→ Exercise directions
Please report how many lines below contain "stroke", writing nothing except the number.

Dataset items

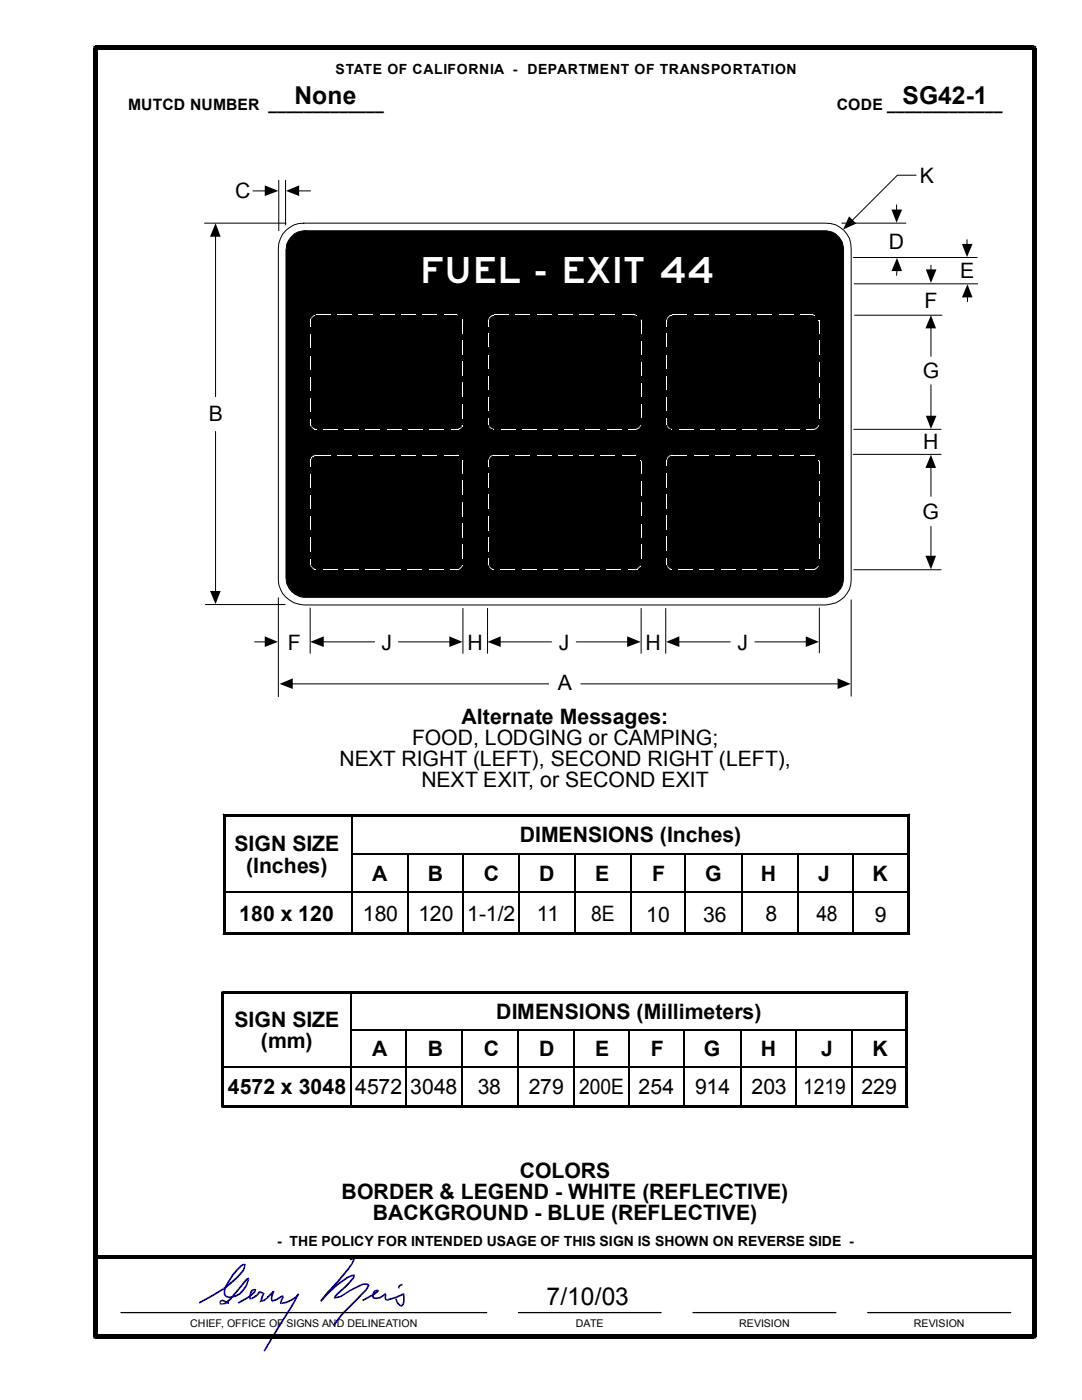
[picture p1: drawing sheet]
<svg xmlns="http://www.w3.org/2000/svg" width="216mm" height="279mm" viewBox="0 0 216 279" stroke-linecap="round" stroke-linejoin="round" font-family="sans-serif">
<g fill="none" stroke="#000" stroke-width=".2">
<path d="M50.5 38.1h2.6M55.6 36v10.1M57 36v8.9M59.5 38.1h2.5M182.8 35h-3.7l-9.1 9M40.8 44.5h16.3M43 47v32.2M168 44.5h12.8M170.3 51.4h24.7M170.5 62.9h17.5M43 86.1v32M170.3 90.7h17.5"/>
<path d="M170.3 85.7h17.5M185.8 93.2v5.9M55.5 119.3v19.7M169.8 119.7v19.2M170.3 113.7h17.5M185.8 105.1v6M41 120.7h15.9M58.3 136.5h51.2M115.9 136.5h51.4"/>
</g>
<g fill="#000">
<path d="M52.8 37l2.7 1.1-2.7 1z" fill-rule="evenodd"/>
<path d="M57.1 38.1l2.6-1.1v2.1z" fill-rule="evenodd"/>
<path d="M43 44.5l1 2.7h-2.1z" fill-rule="evenodd"/>
<path d="M169.4 43.2l1.5 1.4-2.7 1.2z" fill-rule="evenodd"/>
<path d="M185.8 90.8l1 2.6h-2.1z" fill-rule="evenodd"/>
<path d="M41.9 117.9h2.1l-1 2.7z" fill-rule="evenodd"/>
<path d="M184.7 110.9h2.1l-1 2.7z" fill-rule="evenodd"/>
<path d="M55.8 136.5l2.6-1.1v2.1z" fill-rule="evenodd"/>
<path d="M167.1 135.4l2.7 1.1-2.7 1z" fill-rule="evenodd"/>
</g>
<path d="M57.1 46a4.7 4.7 0 0 1 3.5-1.5h104.8a5 5 0 0 1 4.4 4.6v67.1a5.1 5.1 0 0 1-5 4.5h-104.2a5.2 5.2 0 0 1-5.1-5v-66.1a5.1 5.1 0 0 1 1.6-3.6z" fill="#fff"/>
<path d="M57.1 46a4.6 4.6 0 0 1 3.5-1.5h104.2a4.9 4.9 0 0 1 5 5.1v66.1a5.1 5.1 0 0 1-5 5h-104.2a5.2 5.2 0 0 1-5.1-5v-66.1a5.1 5.1 0 0 1 1.6-3.6zM58.8 46.7l.6-.4 1.1-.2h104.4a3.8 3.8 0 0 1 3.4 3.3v66.3a3.8 3.8 0 0 1-3.4 3.5h-104.4a4 4 0 0 1-3.4-3.8v-66a3.8 3.8 0 0 1 1.7-2.7z" fill="none" stroke="#000" stroke-width=".2"/>
<path d="M58.8 46.7l.6-.4 1.1-.2h104.4a3.8 3.8 0 0 1 3.4 3.3v66.3a3.8 3.8 0 0 1-3.4 3.5h-104.4a4 4 0 0 1-3.4-3.8v-66a3.8 3.8 0 0 1 1.7-2.7z" fill="#000"/>
<g fill="#fff">
<path d="M63.2 62.7h2.8v.2h-2.8z"/>
<path d="M67.4 62.7h2.8v.2h-2.8z"/>
<path d="M71.6 62.7h2.8v.2h-2.8z"/>
<path d="M75.9 62.7h2.8v.2h-2.8z"/>
<path d="M80.1 62.7h2.8v.2h-2.8z"/>
<path d="M84.3 62.7h2.8v.2h-2.8z"/>
<path d="M88.6 62.7h2.5v.2h-2.5z"/>
<path d="M91.1 62.7h.2v.2h-.2z"/>
<path d="M91.1 62.7v.2z"/>
<path d="M91.3 62.7v.3z"/>
<path d="M91.3 62.7l-.1 .2z"/>
<path d="M92.2 63.8h.2z"/>
<path d="M92.3 63.7v.2z"/>
<path d="M92.3 63.7l.1 .1h-.2z"/>
<path d="M92.3 63.8h.2v.2h-.2z"/>
<path d="M92.4 63.8h.1l-.2 .1z"/>
<path d="M92.3 64l.2 .1z"/>
<path d="M92.3 64.1h.2v2.4h-.2z"/>
<path d="M92.3 64.1h.2z"/>
<path d="M92.3 67.9h.2v2.9h-.2z"/>
<path d="M92.3 72.1h.2v2.9h-.2z"/>
<path d="M92.3 76.4h.2v2.8h-.2z"/>
<path d="M92.3 80.6h.2v2.9h-.2z"/>
<path d="M92.2 84.8l.2 .1z"/>
<path d="M92.1 84.9l.1-.1 .1 .2-.1 .1z"/>
<path d="M92.2 84.8l.2 .1-.1 .1z"/>
<path d="M92.1 85h.2v.2h-.2z"/>
<path d="M92.1 84.9l.2 .1-.1 .1z"/>
<path d="M92 85.2l.1-.1 .1 .2h-.1z"/>
<path d="M92.1 85.1l.2 .1-.1 .1z"/>
<path d="M91.9 85.3l.1-.1 .1 .1-.1 .1z"/>
<path d="M91.9 85.3l.1 .1-.1 .1z"/>
<path d="M91.8 85.4l.1-.1v.2v.1z"/>
<path d="M91.7 85.4h.2v.2h-.2z"/>
<path d="M91.8 85.4l.1 .2z"/>
<path d="M91.5 85.5l.1-.1 .1 .2-.1 .1z"/>
<path d="M91.6 85.4l.1 .2z"/>
<path d="M91.4 85.6l.1-.1 .1 .2-.1 .1z"/>
<path d="M91.4 85.6h.1v.2h-.1z"/>
<path d="M91.4 85.6l.1 .2z"/>
<path d="M91.3 85.6l.1 .2z"/>
<path d="M91.1 85.6h.2v.2h-.2z"/>
<path d="M89.9 85.6h1.2v.2h-1.2z"/>
<path d="M91.1 85.6v.2z"/>
<path d="M85.7 85.6h2.9v.2h-2.9z"/>
<path d="M81.4 85.6h2.9v.2h-2.9z"/>
<path d="M77.2 85.6h2.9v.2h-2.9z"/>
<path d="M73 85.6h2.9v.2h-2.9z"/>
<path d="M68.7 85.6h2.9v.2h-2.9z"/>
<path d="M64.5 85.6h2.9v.2h-2.9z"/>
<path d="M63.1 85.6l.1 .2z"/>
<path d="M62.9 85.6h.2v.2h-.2z"/>
<path d="M63.1 85.6v.2z"/>
<path d="M62.8 85.6l.1 .2z"/>
<path d="M62.7 85.5l.1 .2z"/>
<path d="M62.8 85.6v.2z"/>
<path d="M62.7 85.4v.3z"/>
<path d="M62.7 85.5v.2z"/>
<path d="M62.5 85.4l.1 .2z"/>
<path d="M62.6 85.4v.2z"/>
<path d="M62.5 85.3v.3z"/>
<path d="M62.5 85.4v.2z"/>
<path d="M62.4 85.3v.2z"/>
<path d="M62.3 85.2v.2z"/>
<path d="M62.2 85.1v.2z"/>
<path d="M62.1 85l.1 .2z"/>
<path d="M62.2 85.1l-.1 .2z"/>
<path d="M62.1 84.8v.3z"/>
<path d="M62.1 84.9v.2z"/>
<path d="M61.9 84.8l.2 .1z"/>
<path d="M61.9 84.9l.2-.1-.1 .2z"/>
<path d="M61.9 84.7l.2 .1z"/>
<path d="M61.9 84.8h.2z"/>
<path d="M61.8 84.6l.2 .1z"/>
<path d="M61.8 84.7h.2z"/>
<path d="M61.8 84.4h.2v.2h-.2z"/>
<path d="M61.8 83.7h.2v.7h-.2z"/>
<path d="M61.8 84.4h.2z"/>
<path d="M61.8 79.4h.2v2.8h-.2z"/>
<path d="M61.8 75.2h.2v2.8h-.2z"/>
<path d="M61.8 71h.2v2.7h-.2z"/>
<path d="M61.8 66.7h.2v2.8h-.2z"/>
<path d="M61.8 64.1h.2v1.2h-.2z"/>
<path d="M61.8 64l.2 .1z"/>
<path d="M61.8 64.1h.2z"/>
<path d="M61.8 63.8h.2v.2h-.2z"/>
<path d="M62 63.7v.2z"/>
<path d="M61.8 63.8h.1l.1 .1z"/>
<path d="M61.9 63.6h.2v.2h-.2z"/>
<path d="M61.9 63.8l.1-.1 .1 .1z"/>
<path d="M62.1 63.4v.3z"/>
<path d="M61.9 63.6l.1-.1 .1 .2z"/>
<path d="M62.1 63.3v.3z"/>
<path d="M62.2 63.2v.3z"/>
<path d="M62.3 63.2v.2z"/>
<path d="M62.4 63.1v.2z"/>
<path d="M62.5 63v.2z"/>
<path d="M62.6 62.9v.3z"/>
<path d="M62.7 62.8v.3z"/>
<path d="M62.7 62.8h.1v.2h-.1z"/>
<path d="M62.7 62.8v.2z"/>
<path d="M98.7 62.7h2.8v.2h-2.8z"/>
<path d="M103 62.7h2.7v.2h-2.7z"/>
<path d="M107.2 62.7h2.8v.2h-2.8z"/>
<path d="M111.4 62.7h2.8v.2h-2.8z"/>
<path d="M115.7 62.7h2.7v.2h-2.7z"/>
<path d="M119.9 62.7h2.8v.2h-2.8z"/>
<path d="M124.1 62.7h2.6v.2h-2.6z"/>
<path d="M126.7 62.7l.2 .1-.1 .2-.2-.1z"/>
<path d="M126.7 62.7l-.1 .2z"/>
<path d="M126.9 62.8l.1 .2z"/>
<path d="M126.9 62.8l-.1 .2z"/>
<path d="M127.8 63.8h.2z"/>
<path d="M127.8 63.8h.2v.2h-.2z"/>
<path d="M127.8 64l.2 .1z"/>
<path d="M127.8 64.1h.2v2.4h-.2z"/>
<path d="M127.8 64.1h.2z"/>
<path d="M127.8 68h.2v2.8h-.2z"/>
<path d="M127.8 72.2h.2v2.8h-.2z"/>
<path d="M127.8 76.5h.2v2.7h-.2z"/>
<path d="M127.8 80.7h.2v2.8h-.2z"/>
<path d="M127.8 84.9h.1z"/>
<path d="M127.8 84.8l.1 .1-.1 .3-.2-.1z"/>
<path d="M127.8 84.8l.1 .1z"/>
<path d="M127.6 85.2h.2l-.3 .1z"/>
<path d="M127.6 85.1l.2 .1z"/>
<path d="M127.3 85.4l.2-.1 .1 .1-.3 .2z"/>
<path d="M127.5 85.3h.2l-.1 .1z"/>
<path d="M127.1 85.5l.2-.1v.2l-.1 .1z"/>
<path d="M127.3 85.4v.2z"/>
<path d="M126.8 85.6l.3-.1 .1 .2-.3 .1z"/>
<path d="M127.1 85.5l.1 .2z"/>
<path d="M126.7 85.6h.2v.2h-.2z"/>
<path d="M126.8 85.6l.1 .2z"/>
<path d="M126.7 85.6v.2z"/>
<path d="M125.4 85.6h1.3v.2h-1.3z"/>
<path d="M121.2 85.6h2.8v.2h-2.8z"/>
<path d="M116.9 85.6h2.8v.2h-2.8z"/>
<path d="M112.7 85.6h2.8v.2h-2.8z"/>
<path d="M108.5 85.6h2.8v.2h-2.8z"/>
<path d="M104.2 85.6h2.8v.2h-2.8z"/>
<path d="M100 85.6h2.8v.2h-2.8z"/>
<path d="M98.5 85.6l.1 .2z"/>
<path d="M98.2 85.5l.3 .2z"/>
<path d="M98.5 85.6v.2z"/>
<path d="M98 85.4l.2 .2z"/>
<path d="M97.9 85.3l.2 .1-.1 .2-.2-.2z"/>
<path d="M98 85.4v.2z"/>
<path d="M97.7 85.1l.2 .2-.1 .1-.2-.1z"/>
<path d="M97.9 85.3l-.1 .1z"/>
<path d="M97.5 84.9l.2 .3z"/>
<path d="M97.6 85.2l.1-.1z"/>
<path d="M97.5 84.7l.1 .2z"/>
<path d="M97.4 84.6l.1 .1z"/>
<path d="M97.4 84.7h.1z"/>
<path d="M97.4 84.4h.1v.2h-.1z"/>
<path d="M97.4 83.5h.1v.9h-.1z"/>
<path d="M97.4 84.4h.1z"/>
<path d="M97.4 79.2h.1v2.8h-.1z"/>
<path d="M97.4 75h.1v2.8h-.1z"/>
<path d="M97.4 70.8h.1v2.8h-.1z"/>
<path d="M97.4 66.5h.1v2.8h-.1z"/>
<path d="M97.4 64.1h.1v1h-.1z"/>
<path d="M97.4 63.8h.1v.3h-.1z"/>
<path d="M97.4 64.1h.1z"/>
<path d="M97.5 63.5v.4z"/>
<path d="M97.4 63.8h.1v.1z"/>
<path d="M97.6 63.3v.4z"/>
<path d="M97.5 63.5l.1 .2z"/>
<path d="M97.8 63.2l.1 .1-.2 .2-.1-.2z"/>
<path d="M97.6 63.3l.1 .2z"/>
<path d="M97.8 63.2l.2-.2 .1 .2-.2 .1z"/>
<path d="M97.8 63.2l.1 .1z"/>
<path d="M98.2 62.8l.1 .2-.2 .2-.1-.2z"/>
<path d="M98 63l.1 .2z"/>
<path d="M98.2 62.8h.3v.2h-.3z"/>
<path d="M98.2 62.8l.1 .2z"/>
<path d="M98.5 62.8l.1 .2z"/>
<path d="M134.3 62.7h2.8v.2h-2.8z"/>
<path d="M138.5 62.7h2.8v.2h-2.8z"/>
<path d="M142.7 62.7h2.8v.2h-2.8z"/>
<path d="M147 62.7h2.8v.2h-2.8z"/>
<path d="M151.2 62.7h2.8v.2h-2.8z"/>
<path d="M155.4 62.7h2.8v.2h-2.8z"/>
<path d="M159.7 62.7h2.5v.2h-2.5z"/>
<path d="M162.2 62.7l.3 .1-.1 .2-.3-.1z"/>
<path d="M162.2 62.7l-.1 .2z"/>
<path d="M162.5 62.8l.1 .2z"/>
<path d="M162.5 62.8l-.1 .2z"/>
<path d="M163.3 63.8l.2 .1z"/>
<path d="M163.3 63.9l.2-.1 .1 .2-.2 .1z"/>
<path d="M163.3 63.9l.2-.1z"/>
<path d="M163.4 64l.2 .1z"/>
<path d="M163.4 64h.2z"/>
<path d="M163.4 64.1h.2v2.5h-.2z"/>
<path d="M163.4 64.1h.2z"/>
<path d="M163.4 68h.2v2.9h-.2z"/>
<path d="M163.4 72.2h.2v2.9h-.2z"/>
<path d="M163.4 76.5h.2v2.8h-.2z"/>
<path d="M163.4 80.7h.2v2.9h-.2z"/>
<path d="M163.3 84.8l.2 .1-.2 .3-.1-.1z"/>
<path d="M163 85.3l.2-.2v.2l-.1 .1z"/>
<path d="M163.2 85.1l.1 .1-.1 .1z"/>
<path d="M162.8 85.4l.2-.1 .1 .1-.2 .2z"/>
<path d="M162.6 85.5l.2-.1 .1 .2-.2 .1z"/>
<path d="M162.8 85.4l.1 .2z"/>
<path d="M162.4 85.6l.2-.1 .1 .2-.2 .1z"/>
<path d="M162.6 85.5l.1 .2z"/>
<path d="M162.3 85.6h.2v.2h-.2z"/>
<path d="M162.4 85.6l.1 .2z"/>
<path d="M162.2 85.6l.1 .2z"/>
<path d="M160.9 85.6h1.3v.2h-1.3z"/>
<path d="M162.2 85.6v.2z"/>
<path d="M156.6 85.6h2.9v.2h-2.9z"/>
<path d="M152.4 85.6h2.9v.2h-2.9z"/>
<path d="M148.2 85.6h2.8v.2h-2.8z"/>
<path d="M143.9 85.6h2.9v.2h-2.9z"/>
<path d="M139.7 85.6h2.9v.2h-2.9z"/>
<path d="M135.5 85.6h2.8v.2h-2.8z"/>
<path d="M134 85.6l.1 .2z"/>
<path d="M133.8 85.5l.2 .2z"/>
<path d="M134 85.6v.2z"/>
<path d="M133.5 85.4l.3 .2z"/>
<path d="M133.4 85.3l.2 .1-.1 .2-.1-.2z"/>
<path d="M133.5 85.4v.2z"/>
<path d="M133.3 85.1l.1 .2-.1 .1-.1-.1z"/>
<path d="M133.1 84.9l.2 .3z"/>
<path d="M133.2 85.2l.1-.1z"/>
<path d="M133 84.7l.2 .2z"/>
<path d="M132.9 84.6l.2 .1z"/>
<path d="M132.9 84.7h.2z"/>
<path d="M132.9 84.4h.2v.2h-.2z"/>
<path d="M132.9 83.5h.2v.9h-.2z"/>
<path d="M132.9 84.4h.2z"/>
<path d="M132.9 79.2h.2v2.8h-.2z"/>
<path d="M132.9 75h.2v2.8h-.2z"/>
<path d="M132.9 70.8h.2v2.8h-.2z"/>
<path d="M132.9 66.5h.2v2.8h-.2z"/>
<path d="M132.9 64.1h.2v1h-.2z"/>
<path d="M132.9 63.8h.2v.3h-.2z"/>
<path d="M132.9 64.1h.2z"/>
<path d="M133.1 63.5v.4z"/>
<path d="M132.9 63.8h.1l.1 .1z"/>
<path d="M133.2 63.3v.4z"/>
<path d="M133.1 63.5l.1 .2z"/>
<path d="M133.3 63.2l.1 .1-.1 .2-.1-.2z"/>
<path d="M133.2 63.3l.1 .2z"/>
<path d="M133.5 63l.1 .2-.2 .1-.1-.1z"/>
<path d="M133.5 63l.3-.2 .1 .2-.3 .2z"/>
<path d="M133.5 63l.1 .2z"/>
<path d="M133.8 62.8h.2v.2h-.2z"/>
<path d="M133.8 62.8l.1 .2z"/>
<path d="M134.1 62.7v.3z"/>
<path d="M134 62.8l.1 .2z"/>
<path d="M63.2 90.8h2.8v.1h-2.8z"/>
<path d="M67.4 90.8h2.8v.1h-2.8z"/>
<path d="M71.6 90.8h2.8v.1h-2.8z"/>
<path d="M75.9 90.8h2.8v.1h-2.8z"/>
<path d="M80.1 90.8h2.8v.1h-2.8z"/>
<path d="M84.3 90.8h2.8v.1h-2.8z"/>
<path d="M88.6 90.8h2.5v.1h-2.5z"/>
<path d="M91.1 90.8l.1 .1z"/>
<path d="M91.1 90.8v.1z"/>
<path d="M91.2 90.8h.2v.1h-.2z"/>
<path d="M91.4 90.8v.1z"/>
<path d="M92.2 91.9h.3z"/>
<path d="M92.3 91.9h.2z"/>
<path d="M92.3 91.9h.2v.2h-.2z"/>
<path d="M92.3 92.1h.2v2.5h-.2z"/>
<path d="M92.3 92.1h.2z"/>
<path d="M92.3 95.9h.2v2.9h-.2z"/>
<path d="M92.3 100.2h.2v2.8h-.2z"/>
<path d="M92.3 104.4h.2v2.9h-.2z"/>
<path d="M92.3 108.6h.2v2.9h-.2z"/>
<path d="M92.2 112.9h.2z"/>
<path d="M92 113l.2-.1 .1 .1-.2 .2z"/>
<path d="M92.2 112.9h.2l-.1 .1z"/>
<path d="M92 113.1h.2l-.3 .2z"/>
<path d="M92 113l.2 .1-.1 .1z"/>
<path d="M91.7 113.4l.2-.2 .1 .2-.2 .1z"/>
<path d="M91.9 113.2l.2 .1-.1 .1z"/>
<path d="M91.5 113.5l.2-.1 .1 .1-.2 .2z"/>
<path d="M91.7 113.4l.1 .1z"/>
<path d="M91.4 113.5h.2v.2h-.2z"/>
<path d="M91.5 113.5l.1 .2z"/>
<path d="M91.1 113.6l.2-.1 .1 .2-.2 .1z"/>
<path d="M91.3 113.5l.1 .2z"/>
<path d="M91.1 113.6l.1 .2z"/>
<path d="M89.8 113.6h1.3v.2h-1.3z"/>
<path d="M91.1 113.6v.2z"/>
<path d="M85.6 113.6h2.9v.2h-2.9z"/>
<path d="M81.4 113.6h2.8v.2h-2.8z"/>
<path d="M77.1 113.6h2.9v.2h-2.9z"/>
<path d="M72.9 113.6h2.9v.2h-2.9z"/>
<path d="M68.7 113.6h2.8v.2h-2.8z"/>
<path d="M64.4 113.6h2.9v.2h-2.9z"/>
<path d="M62.9 113.5l.2 .2z"/>
<path d="M62.7 113.5h.2v.2h-.2z"/>
<path d="M62.9 113.5v.2z"/>
<path d="M62.6 113.4l.1 .1v.2l-.2-.2z"/>
<path d="M62.7 113.5v.2z"/>
<path d="M62.3 113.2l.3 .2-.1 .1-.3-.1z"/>
<path d="M62.6 113.4l-.1 .1z"/>
<path d="M62.1 113.1l.2 .2z"/>
<path d="M62.2 113.3l.1-.1z"/>
<path d="M62.1 112.9l.1 .1-.1 .2-.1-.2z"/>
<path d="M62.2 113l-.1 .2z"/>
<path d="M61.9 112.7l.2 .2z"/>
<path d="M62 112.9h.1z"/>
<path d="M61.8 112.5h.2v.2h-.2z"/>
<path d="M61.8 112.7h.2z"/>
<path d="M61.8 112.4l.2 .1z"/>
<path d="M61.8 111.5h.2v.9h-.2z"/>
<path d="M61.8 112.4h.2z"/>
<path d="M61.8 107.3h.2v2.8h-.2z"/>
<path d="M61.8 103h.2v2.8h-.2z"/>
<path d="M61.8 98.8h.2v2.8h-.2z"/>
<path d="M61.8 94.6h.2v2.8h-.2z"/>
<path d="M61.8 92.1h.2v1h-.2z"/>
<path d="M61.8 91.9h.2v.2h-.2z"/>
<path d="M61.8 92.1h.2z"/>
<path d="M61.8 91.9h.2z"/>
<path d="M62 91.6v.3z"/>
<path d="M61.8 91.9l.1-.1 .1 .1z"/>
<path d="M61.9 91.6l.2 .1z"/>
<path d="M61.9 91.7l.1-.1 .1 .2z"/>
<path d="M62.1 91.4v.3z"/>
<path d="M61.9 91.6l.1-.1 .1 .2z"/>
<path d="M62.1 91.3v.3z"/>
<path d="M62.1 91.4v.2z"/>
<path d="M62.1 91.3l.1 .1z"/>
<path d="M62.1 91.4v-.1l.1 .1z"/>
<path d="M62.2 91.1v.3z"/>
<path d="M62.1 91.3v-.1l.1 .2z"/>
<path d="M62.3 91v.3z"/>
<path d="M62.3 91l.2-.1-.2 .3z"/>
<path d="M62.3 91l.1 .2z"/>
<path d="M62.5 90.9l.1 .2z"/>
<path d="M62.5 90.9v.2z"/>
<path d="M62.7 90.8v.3z"/>
<path d="M62.6 90.9l.1 .2z"/>
<path d="M62.7 90.8h.1l-.1 .2z"/>
<path d="M62.7 90.8v.2z"/>
<path d="M62.8 90.8l.1 .1z"/>
<path d="M62.8 90.8v.1z"/>
<path d="M98.7 90.8h2.8v.1h-2.8z"/>
<path d="M103 90.8h2.7v.1h-2.7z"/>
<path d="M107.2 90.8h2.8v.1h-2.8z"/>
<path d="M111.4 90.8h2.8v.1h-2.8z"/>
<path d="M115.7 90.8h2.7v.1h-2.7z"/>
<path d="M119.9 90.8h2.8v.1h-2.8z"/>
<path d="M124.1 90.8h2.6v.1h-2.6z"/>
<path d="M126.7 90.8h.2v.1h-.2z"/>
<path d="M126.7 90.8v.1z"/>
<path d="M126.9 90.8l-.1 .1z"/>
<path d="M127.8 91.8l.1 .1z"/>
<path d="M127.8 91.8v.2z"/>
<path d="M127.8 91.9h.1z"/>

→ Task result
3